Nice kick ass specimen you got there, Jeremy!...Your Tern rocks like a VENOM concert!!!...


----------



## jp80911

ni he didn't measure them, he tried to hold one with one hand but it's too wide across for his hand so I figure the fish is at least 6" tall or he has really tinny hands.


----------



## Piranha-Freak101

yes i remember this and im already planning my trip to south america this summer


----------



## Tensa

jp80911 said:


> ni he didn't measure them, he tried to hold one with one hand but it's too wide across for his hand so I figure the fish is at least 6" tall or he has really tinny hands.


even my tiny hands would put the P at minimum 6 inches tall. we all know Jeremy isnt a short dude either so that has to be a huge P either way.

and yea we tend to argue about size a lot around here kind of pointless really. either believe it or not no sense arguing over stupid stuff. arguing doesnt change reality whether the majority agree with reality or not. if someone calls a rose a daisy then its a daisy to them...still smells and looks the same. even science chances "facts" or fixes "errors" take the status of pluto for example or total number of planets. either way nice terns lil pale but hey if they endup in my tank i wouldnt be mad


----------



## Mr. Hannibal

Thanks for sharing...


----------



## CLUSTER ONE

So is this new episisode all terns?


----------



## jp80911

I wish it was about terns but sadly no, its about a killer ray, Potamotrygon brachyura. the one he caught is 53" diameter across, he saw a dead one earlier with the tail cut off and all gutted and dehydrated under the sun and still weight 200lbs.


----------



## CLUSTER ONE

So there are 2 episodes on giant rays then? One season he did a giant ray from somehwere in asia.


----------



## jp80911

Yea, that one was a giant Mekong River ray, more low profile (thinner build) with a much longer tail


----------



## balluupnetme

Thats a badass lookin ray looks muscular


----------



## bob351

Danny Tanner said:


> Did he measure it? Was it bigger than 13 inches? I remember that huge controversy where all the fish nerds had a battle royale debating the size of a Tern in the wild.












that ray is sweet, love south american rays


----------



## salvo85

Amazing fish, nature is irreplaceable


----------



## sprfunk

Some guy got hit by one and said it took like 3 years to heal. They showed gain-green pictures.
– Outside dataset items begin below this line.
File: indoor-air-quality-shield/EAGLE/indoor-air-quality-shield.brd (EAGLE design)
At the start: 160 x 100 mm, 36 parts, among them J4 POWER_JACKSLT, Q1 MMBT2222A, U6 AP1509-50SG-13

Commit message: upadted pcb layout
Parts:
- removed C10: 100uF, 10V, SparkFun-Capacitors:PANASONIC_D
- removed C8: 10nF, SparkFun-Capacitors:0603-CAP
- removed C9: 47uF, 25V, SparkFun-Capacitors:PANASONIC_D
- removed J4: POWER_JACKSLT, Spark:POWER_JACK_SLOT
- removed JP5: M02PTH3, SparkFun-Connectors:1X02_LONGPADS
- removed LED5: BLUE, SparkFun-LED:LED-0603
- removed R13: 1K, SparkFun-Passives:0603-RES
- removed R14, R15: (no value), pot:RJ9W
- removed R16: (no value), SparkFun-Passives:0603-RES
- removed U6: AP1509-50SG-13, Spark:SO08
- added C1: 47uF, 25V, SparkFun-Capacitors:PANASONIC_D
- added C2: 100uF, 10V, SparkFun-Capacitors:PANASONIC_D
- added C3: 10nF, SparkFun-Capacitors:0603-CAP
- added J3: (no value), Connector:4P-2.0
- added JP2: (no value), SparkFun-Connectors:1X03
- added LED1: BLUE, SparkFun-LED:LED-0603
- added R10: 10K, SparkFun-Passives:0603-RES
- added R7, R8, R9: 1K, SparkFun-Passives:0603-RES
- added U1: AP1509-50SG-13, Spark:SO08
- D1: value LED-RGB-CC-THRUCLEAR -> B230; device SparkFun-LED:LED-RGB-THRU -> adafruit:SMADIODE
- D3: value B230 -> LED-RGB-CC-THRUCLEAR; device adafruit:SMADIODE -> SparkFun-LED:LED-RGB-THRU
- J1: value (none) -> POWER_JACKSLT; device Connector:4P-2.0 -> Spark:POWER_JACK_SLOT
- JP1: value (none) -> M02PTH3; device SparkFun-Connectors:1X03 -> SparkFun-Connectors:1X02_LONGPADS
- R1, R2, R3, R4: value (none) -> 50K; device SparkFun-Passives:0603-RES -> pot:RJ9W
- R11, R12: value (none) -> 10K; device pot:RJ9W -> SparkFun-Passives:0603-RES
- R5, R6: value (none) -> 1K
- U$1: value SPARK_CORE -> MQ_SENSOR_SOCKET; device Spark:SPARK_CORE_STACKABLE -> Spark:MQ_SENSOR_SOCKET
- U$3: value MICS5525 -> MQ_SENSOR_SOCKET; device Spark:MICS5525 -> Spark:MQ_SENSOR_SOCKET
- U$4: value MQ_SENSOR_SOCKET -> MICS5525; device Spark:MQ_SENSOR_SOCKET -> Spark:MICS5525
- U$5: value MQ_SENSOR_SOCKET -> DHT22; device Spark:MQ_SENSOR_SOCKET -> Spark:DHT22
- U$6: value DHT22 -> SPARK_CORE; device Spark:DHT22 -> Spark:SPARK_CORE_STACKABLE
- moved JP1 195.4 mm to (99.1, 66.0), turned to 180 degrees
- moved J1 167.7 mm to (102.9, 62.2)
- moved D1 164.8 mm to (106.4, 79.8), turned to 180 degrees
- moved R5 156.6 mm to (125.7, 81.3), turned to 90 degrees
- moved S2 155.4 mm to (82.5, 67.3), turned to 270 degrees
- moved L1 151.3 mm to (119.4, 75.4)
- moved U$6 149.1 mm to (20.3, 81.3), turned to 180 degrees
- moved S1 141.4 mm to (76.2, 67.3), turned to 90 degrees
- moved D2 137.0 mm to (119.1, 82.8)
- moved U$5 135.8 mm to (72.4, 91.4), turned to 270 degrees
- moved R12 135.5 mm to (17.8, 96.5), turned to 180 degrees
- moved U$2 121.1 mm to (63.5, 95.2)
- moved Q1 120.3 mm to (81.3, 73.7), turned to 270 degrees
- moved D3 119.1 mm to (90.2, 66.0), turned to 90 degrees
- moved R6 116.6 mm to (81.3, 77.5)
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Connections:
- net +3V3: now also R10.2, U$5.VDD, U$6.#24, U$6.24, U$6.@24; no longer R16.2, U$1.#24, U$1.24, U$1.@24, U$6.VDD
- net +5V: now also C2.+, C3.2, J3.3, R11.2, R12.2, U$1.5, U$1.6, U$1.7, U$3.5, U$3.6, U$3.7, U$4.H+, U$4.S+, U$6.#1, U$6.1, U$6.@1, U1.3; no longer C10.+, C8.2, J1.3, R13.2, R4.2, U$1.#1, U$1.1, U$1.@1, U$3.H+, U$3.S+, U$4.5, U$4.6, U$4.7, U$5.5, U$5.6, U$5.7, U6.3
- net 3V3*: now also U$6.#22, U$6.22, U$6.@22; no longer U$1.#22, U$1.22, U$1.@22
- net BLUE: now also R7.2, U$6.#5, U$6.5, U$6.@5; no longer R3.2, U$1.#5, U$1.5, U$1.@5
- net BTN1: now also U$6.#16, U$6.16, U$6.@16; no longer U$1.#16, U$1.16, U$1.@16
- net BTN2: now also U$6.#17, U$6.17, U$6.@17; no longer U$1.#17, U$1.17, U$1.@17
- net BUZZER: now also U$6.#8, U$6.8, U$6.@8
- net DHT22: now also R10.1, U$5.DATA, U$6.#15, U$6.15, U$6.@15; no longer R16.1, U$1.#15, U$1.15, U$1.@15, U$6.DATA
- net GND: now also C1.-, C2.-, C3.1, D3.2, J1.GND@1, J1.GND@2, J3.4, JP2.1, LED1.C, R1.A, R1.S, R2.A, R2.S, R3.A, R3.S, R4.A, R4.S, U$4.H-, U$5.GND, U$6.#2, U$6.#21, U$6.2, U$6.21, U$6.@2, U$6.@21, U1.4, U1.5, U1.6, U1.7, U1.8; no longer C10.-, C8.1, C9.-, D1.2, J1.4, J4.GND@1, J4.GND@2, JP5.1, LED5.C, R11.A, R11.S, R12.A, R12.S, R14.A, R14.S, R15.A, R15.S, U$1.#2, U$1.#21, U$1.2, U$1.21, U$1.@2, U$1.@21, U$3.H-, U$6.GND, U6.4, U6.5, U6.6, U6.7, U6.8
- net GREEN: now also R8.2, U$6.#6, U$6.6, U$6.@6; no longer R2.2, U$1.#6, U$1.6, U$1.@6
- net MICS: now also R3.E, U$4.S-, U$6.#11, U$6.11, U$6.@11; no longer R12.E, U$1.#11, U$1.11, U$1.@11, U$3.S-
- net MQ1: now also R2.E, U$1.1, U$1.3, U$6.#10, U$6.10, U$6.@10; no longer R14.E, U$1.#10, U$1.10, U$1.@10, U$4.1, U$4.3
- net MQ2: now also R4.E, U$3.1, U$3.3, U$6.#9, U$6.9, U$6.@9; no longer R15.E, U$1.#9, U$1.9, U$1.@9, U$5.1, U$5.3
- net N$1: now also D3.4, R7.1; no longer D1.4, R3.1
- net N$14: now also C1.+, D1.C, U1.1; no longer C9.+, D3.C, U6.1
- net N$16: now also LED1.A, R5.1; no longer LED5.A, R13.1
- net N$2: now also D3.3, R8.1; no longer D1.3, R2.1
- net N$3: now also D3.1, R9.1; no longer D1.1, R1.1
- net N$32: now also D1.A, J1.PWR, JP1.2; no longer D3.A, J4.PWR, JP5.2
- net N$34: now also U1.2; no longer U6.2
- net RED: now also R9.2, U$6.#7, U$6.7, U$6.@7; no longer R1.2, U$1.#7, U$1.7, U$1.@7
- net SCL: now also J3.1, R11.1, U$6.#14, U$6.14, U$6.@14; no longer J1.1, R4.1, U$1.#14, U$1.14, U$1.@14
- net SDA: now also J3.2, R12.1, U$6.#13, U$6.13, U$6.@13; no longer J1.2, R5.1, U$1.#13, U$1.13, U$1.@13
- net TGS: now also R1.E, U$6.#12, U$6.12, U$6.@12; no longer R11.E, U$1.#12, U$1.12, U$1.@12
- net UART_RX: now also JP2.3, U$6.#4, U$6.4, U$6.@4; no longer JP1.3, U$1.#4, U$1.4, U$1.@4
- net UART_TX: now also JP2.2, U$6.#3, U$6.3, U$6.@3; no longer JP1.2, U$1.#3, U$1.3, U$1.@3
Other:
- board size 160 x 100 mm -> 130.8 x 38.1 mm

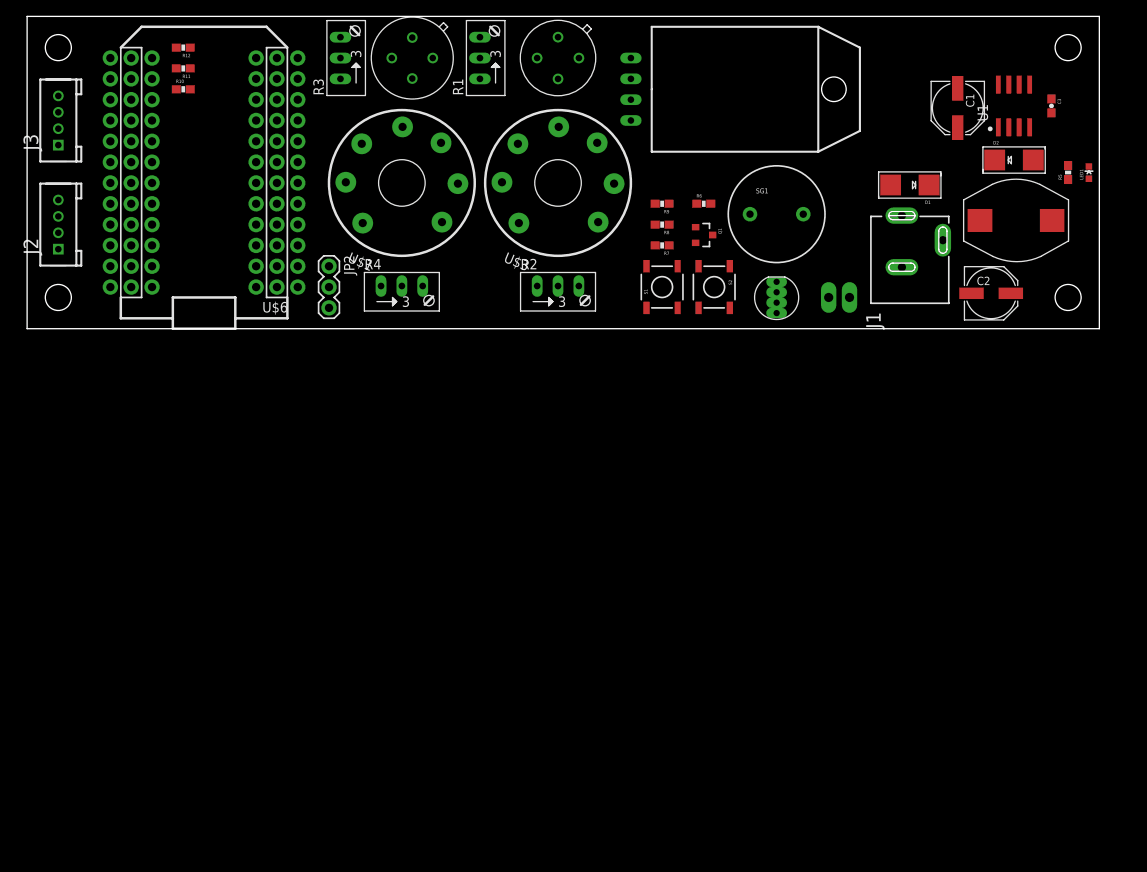
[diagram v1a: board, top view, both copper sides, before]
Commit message: layed out indoor air quality pcb
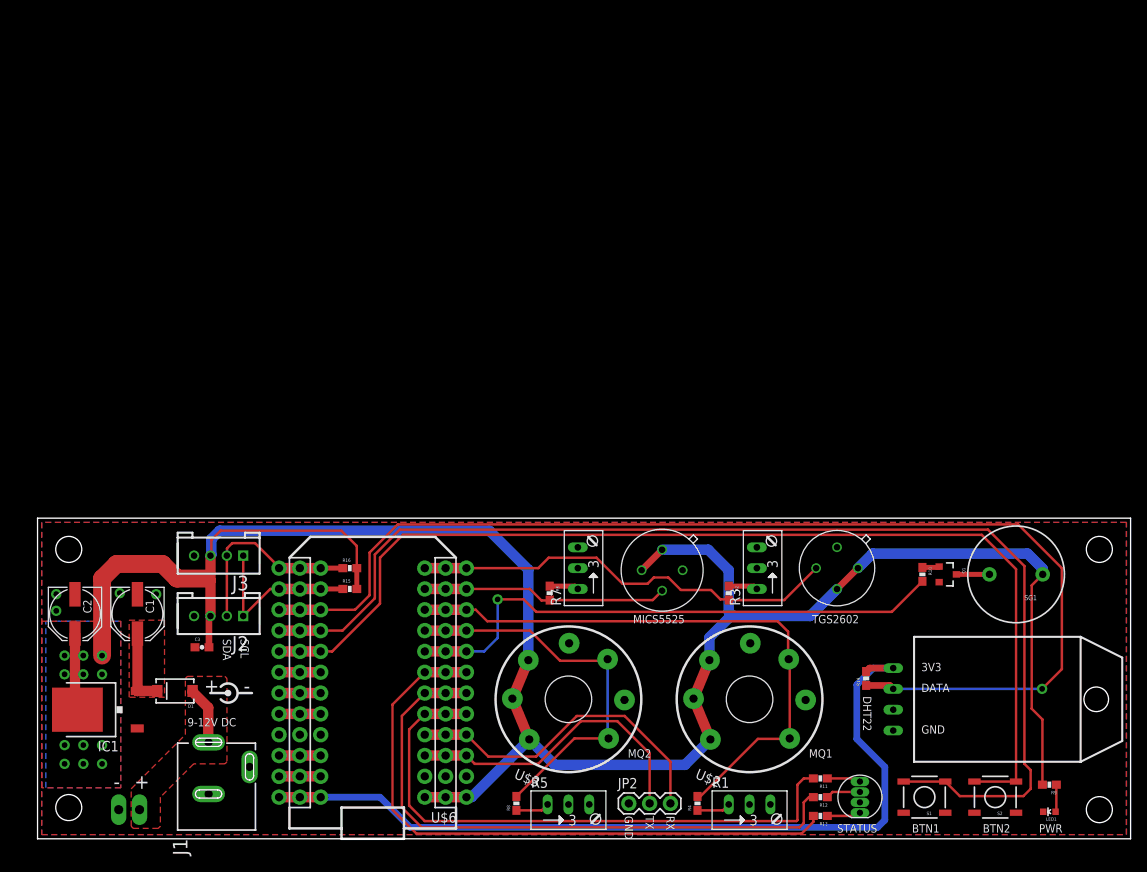
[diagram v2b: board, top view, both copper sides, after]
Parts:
- removed D3: LED-RGB-CC-THRUCLEAR, SparkFun-LED:LED-RGB-THRU
- removed L1: SDR1005-470KL, Spark:INDUCTOR-SDR1005-470KL
- removed U1: AP1509-50SG-13, Spark:SO08
- added IC1: MC33269D-5.0, linear:DPACK
- added R13: 1K, SparkFun-Passives:0603-RES
- added R14, R15, R16: 10K, SparkFun-Passives:0603-RES
- C2: value 100uF, 10V -> 47uF, 25V
- D1: value B230 -> MBRA140; device adafruit:SMADIODE -> SparkFun-DiscreteSemi:SMA-DIODE
- D2: value B230 -> LED-RGB-CC-THRUCLEAR; device adafruit:SMADIODE -> SparkFun-LED:LED-RGB-THRU
- R10, R11, R12: value 10K -> 1K
- R2, R4: value 50K -> (none); device pot:RJ9W -> SparkFun-Resistors:0603-RES
- R5, R7: value 1K -> 50K; device SparkFun-Passives:0603-RES -> pot:RJ9W
- R6, R8: value 1K -> (none); device SparkFun-Passives:0603-RES -> SparkFun-Resistors:0603-RES
- U$1: value MQ_SENSOR_SOCKET -> TGS2602; device Spark:MQ_SENSOR_SOCKET -> Spark:TGS2602
- U$2: value TGS2602 -> MQ_SENSOR_SOCKET; device Spark:TGS2602 -> Spark:MQ_SENSOR_SOCKET
- moved C3 122.9 mm to (20.1, 23.4), turned to 0 degrees
- moved R12 120.0 mm to (95.5, 5.08)
- moved C2 118.4 mm to (4.57, 27.4), turned to 270 degrees
- moved C1 117.6 mm to (12.2, 27.4)
- moved R11 116.4 mm to (95.5, 7.37)
- moved JP1 108.9 mm to (9.91, 3.56), turned to 0 degrees
- moved D1 108.9 mm to (16.8, 18.0)
- moved R10 107.9 mm to (108.0, 32.3), turned to 270 degrees
- moved J1 106.2 mm to (18.3, -2.03)
- moved R5 98.8 mm to (64.8, 3.56), turned to 0 degrees
- moved R1 97.2 mm to (86.9, 3.56), turned to 0 degrees
- moved R9 85.2 mm to (123.4, 6.60)
- moved U$2 81.6 mm to (86.9, 17.0), turned to 337.5 degrees
- moved U$5 81.0 mm to (104.4, 17.0)
- moved R3 80.3 mm to (88.4, 33.0)
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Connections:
- net 3V3* renamed N$9
- removed net N$14: C1.+, D1.C, U1.1
- removed net N$34: D2.C, L1.P$1, U1.2
- new net N$10: R5.E, R8.1
- new net N$11: U$6.#20, U$6.20, U$6.@20
- new net N$12: U$6.#19, U$6.19, U$6.@19
- new net N$13: U$6.#18, U$6.18, U$6.@18
- new net N$4: R2.1, R3.E
- new net N$5: U$6.#23, U$6.23, U$6.@23
- new net N$6: C1.+, D1.C, IC1.3
- new net N$7: R6.1, R7.E
- new net N$8: R1.E, R4.1
- net +3V3: now also R14.2; no longer R10.2
- net +5V: now also IC1.2, R15.2, R16.2, R9.2, U$1.HEATER+, U$1.SENSOR+, U$2.5, U$2.6, U$2.7; no longer L1.P$2, R11.2, R12.2, R5.2, U$1.5, U$1.6, U$1.7, U$2.HEATER+, U$2.SENSOR+, U1.3
- net BLUE: now also R11.2; no longer R7.2
- net BUZZER: now also R10.2; no longer R6.2
- net DHT22: now also R14.1; no longer R10.1
- net GND: now also D2.2, IC1.1, R5.A, R5.S, R7.A, R7.S, U$1.HEATER-, U$2.2, U$3.2; no longer D2.A, D3.2, R2.A, R2.S, R4.A, R4.S, U$2.HEATER-, U1.4, U1.5, U1.6, U1.7, U1.8
- net GREEN: now also R12.2; no longer R8.2
- net MICS: now also R6.2; no longer R3.E
- net MQ1: now also R4.2, U$2.1, U$2.3; no longer R2.E, U$1.1, U$1.3
- net MQ2: now also R8.2; no longer R4.E
- net N$1: now also D2.4, R11.1; no longer D3.4, R7.1
- net N$15: now also R10.1; no longer R6.1
- net N$16: now also R9.1; no longer R5.1
- net N$2: now also D2.3, R12.1; no longer D3.3, R8.1
- net N$3: now also D2.1, R13.1; no longer D3.1, R9.1
- net RED: now also R13.2; no longer R9.2
- net SCL: now also R15.1; no longer R11.1
- net SDA: now also R16.1; no longer R12.1
- net TGS: now also R2.2, U$1.SENSOR-; no longer R1.E, U$2.SENSOR-
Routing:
- net +5V: track 0.00 -> 280.9 mm, vias 0 -> 12
- net BTN1: track 0.00 -> 145.1 mm
- net DHT22: track 0.00 -> 142.4 mm, vias 0 -> 1
- net BTN2: track 0.00 -> 131.8 mm
- net +3V3: track 0.00 -> 102.5 mm
- net RED: track 0.00 -> 77.3 mm
- net GREEN: track 0.00 -> 74.4 mm
- net MQ1: track 0.00 -> 72.7 mm
- net BLUE: track 0.00 -> 71.8 mm
- net BUZZER: track 0.00 -> 68.3 mm, vias 0 -> 1
- net TGS: track 0.00 -> 52.7 mm
- net MQ2: track 0.00 -> 47.9 mm
- net UART_RX: track 0.00 -> 40.5 mm
- net UART_TX: track 0.00 -> 37.7 mm
- net MICS: track 0.00 -> 30.0 mm
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- added copper zone on layer 1, net +5V
- added copper zone on layer 16, net +5V
- added copper zone on layer 1, net GND
- added copper zone on layer 16, net GND
- added copper zone on layer 1, net N$32
- added copper zone on layer 1, net N$6
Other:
- board size 130.8 x 38.1 mm -> 133.3 x 39.1 mm
- board text added: "+"
- board text added: "-"
- board text added: "3V3"
- board text added: "9-12V DC"
- board text added: "BTN1"
- board text added: "BTN2"
- board text added: "DATA"
- board text added: "DHT22"
- board text added: "GND"
- board text added: "INDOOR AIR QUALITY MONITOR"
- board text added: "MICS5525"
- board text added: "MQ1"
- board text added: "MQ2"
- board text added: "PWR"
- board text added: "RX"
- board text added: "SCL"
- board text added: "SDA"
- board text added: "STATUS"
- board text added: "TGS2602"
- board text added: "TX"
- board text added: "spark.io"
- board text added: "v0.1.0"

I don't like rays.


----------



## His Majesty

sweet catch

and that massive FW ray is epic. some english guy (robson green) went to the amazon to try to catch one and it was the size of a car. and its bard was thicker that a mans arm


----------



## MFNRyan

That episode was just on a few weeks ago. The guy that got hit took six or seven years to heal. He caught one on the beach an it got him trying to get it back in the water. I was wondering what type of P that was in the episode. He caugth so many of them an as soon as his bait hit the water. The bigger ones turned on at night. I want a tern now!! lol Glad I found this post because I was very interested in what size fish it was. Also I believe I have it recorded an will watch it again. I'm pretty sure he said one of them was over 16" an all the ones he caught were some of the biggest Piranha he had caught to date!


----------



## fury

i love all his episodes


----------



## Johnny_Zanni

This one is 16"+


----------



## MFNRyan

Yeah I'm actually rewatching the show right now lol I got it on my DVR he said he caught many over 16" an he was catching them fast. Could you imagine that beauty in your house. MAN!!!


----------